Он достал из нагрудного кармана блокнотик и начал там яростно что-то писать.
— Лекарства дорогие, но они продлят состояние вашей матери.
Боря лишь кивал. Я офигевал.
Это вообще что сейчас было? Кто этот врач и что за дым я видел⁈
Когда врач ушёл, я понял, что…
«Это ещё что? — я пялился во все стороны, теперь видя эту дымку на всех остальных пациентах. — Это что⁈»
Дымка. Она была повсюду. Над каждой головой, над каждым телом, лежащим в этой унылой палате.
Она колыхалась, пульсировала, словно живая, вытягивая из этих несчастных последние крохи жизни.
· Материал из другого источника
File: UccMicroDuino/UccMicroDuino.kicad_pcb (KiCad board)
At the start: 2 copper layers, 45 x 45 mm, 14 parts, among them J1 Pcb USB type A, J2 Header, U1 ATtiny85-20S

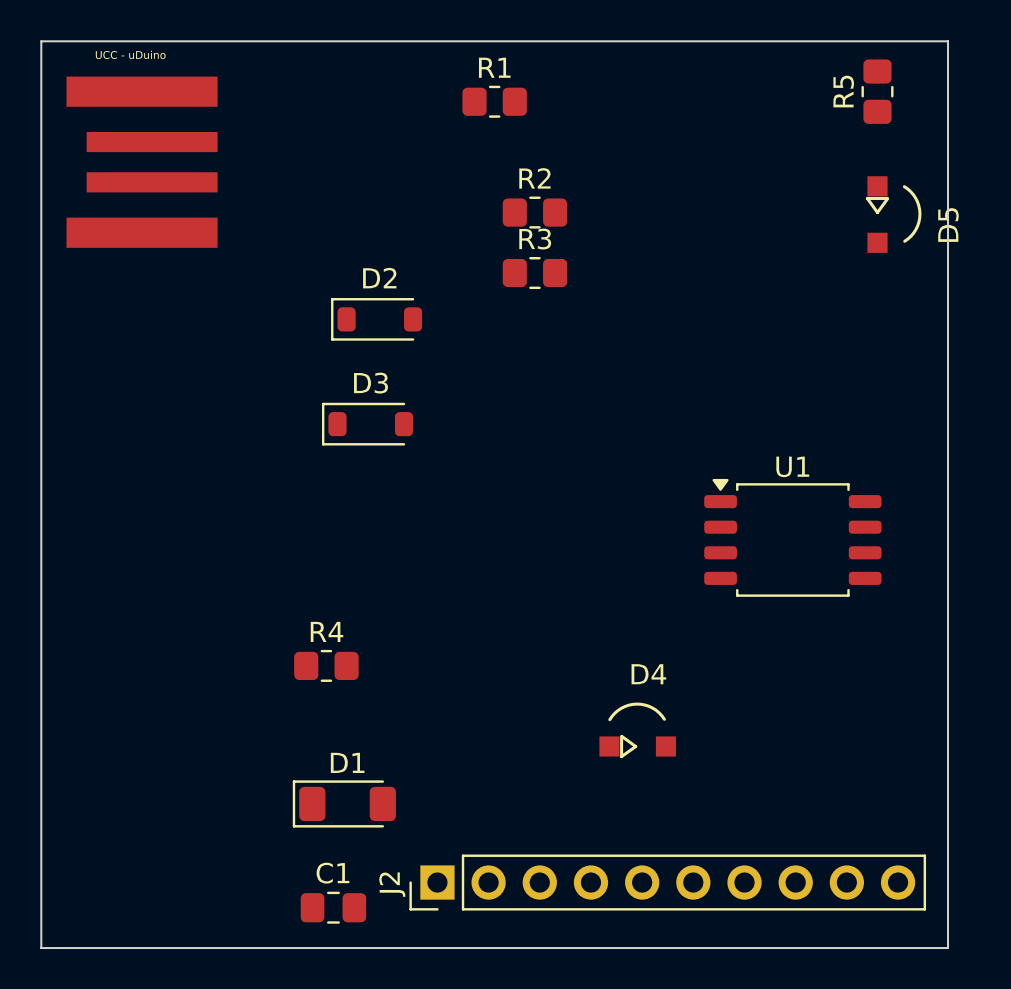
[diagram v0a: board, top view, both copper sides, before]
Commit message: PCB: Ruteo Completo, 0 errores
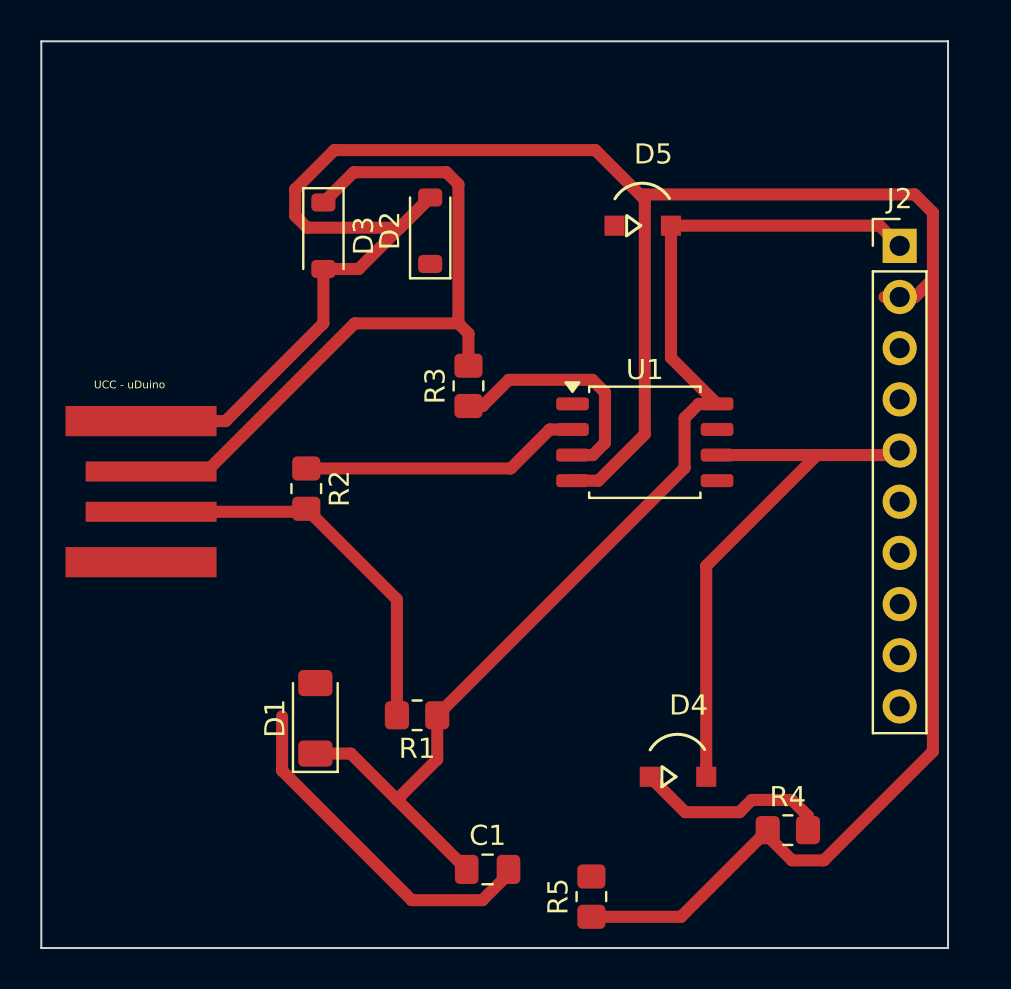
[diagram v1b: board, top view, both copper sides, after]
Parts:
- moved R5 42.4 mm to (208.3, 110.0)
- moved J2 39.0 mm to (223.6, 77.7), turned to 0 degrees
- moved R1 30.7 mm to (199.7, 101.0), turned to 180 degrees
- moved R4 24.3 mm to (218.1, 106.7)
- moved R2 17.8 mm to (194.2, 89.7), turned to -90 degrees
- moved J1 16.4 mm to (186.2, 89.8)
- moved D5 11.3 mm to (211.2, 76.7), turned to 0 degrees
- moved D3 9.64 mm to (195.0, 77.2), turned to -90 degrees
- moved U1 8.81 mm to (210.9, 87.4)
- moved C1 7.88 mm to (203.2, 108.6)
- moved R3 6.50 mm to (202.2, 84.6), turned to 90 degrees
- moved D2 5.06 mm to (200.3, 76.9), turned to 90 degrees
- moved D1 4.54 mm to (194.6, 101.1), turned to 90 degrees
- moved D4 2.50 mm to (213.0, 104.0)
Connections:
- C1 pad 2: (no net) -> GND
- D1 pad 2: (no net) -> Net-(D1-A)
- D2 pad 1: (no net) -> Net-(D2-K)
- D5 pad 1: (no net) -> Net-(D5-K)
- J2 pad 10: (no net) -> unconnected-(J2-Pin_10-Pad10)
- J2 pad 3: (no net) -> unconnected-(J2-Pin_3-Pad3)
- J2 pad 4: (no net) -> Net-(J2-Pin_4)
- J2 pad 6: (no net) -> Net-(J2-Pin_6)
- J2 pad 7: (no net) -> Net-(J2-Pin_7)
- J2 pad 8: (no net) -> Net-(J2-Pin_8)
- J2 pad 9: (no net) -> Net-(J2-Pin_9)
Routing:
- net GND: track 0.00 -> 148.3 mm
- net +5V: track 0.00 -> 58.2 mm
- net Net-(D3-K): track 0.00 -> 35.1 mm
- net Net-(D4-A): track 0.00 -> 28.0 mm
- net Net-(D2-K): track 0.00 -> 19.9 mm
- net Net-(J2-Pin_7): track 0.00 -> 14.0 mm
- net Net-(J2-Pin_8): track 0.00 -> 11.9 mm
- net Net-(D4-K): track 0.00 -> 9.86 mm

Я смотрел на них, и меня охватывал ужас.
Они все были обречены. И этот врач… он был связан с этим.
Только вот, как⁈
Боря сидел рядом с матерью, держа ее за руку, и ничего не замечал. Он был слишком поглощен своим горем, чтобы увидеть то, что видел я.
— Пойдём, — пробормотал Борис. — Пожрать бы… хотя аппетита что-то нет.
Новости, которые пришлось сообщить Наташе, были слишком печальными. Боря, и без того поникший после всего услышанного, казалось, был готов орать. Он не давал волю своим эмоциям, никогда.
А тут…
— Чего агукаешь? — безразлично спросил парнишка, глядя на ворочавшегося в корзинке Гуглю. — Покормить?
Малыш тут же притих, пялясь на него своими огромными глазами.
— Пучит?
Малыш ничего не ответил.
— Покакал?
Малыш молчал.
Боря сглотнул ком в горле, стараясь не смотреть на Наташу. Она сидела, сгорбившись, у окна, и казалась такой хрупкой, словно фарфоровая кукла, случайно забытая под дождем.
Он знал, что сейчас любое слово, любая попытка утешения прозвучат фальшиво и только усилят ее боль.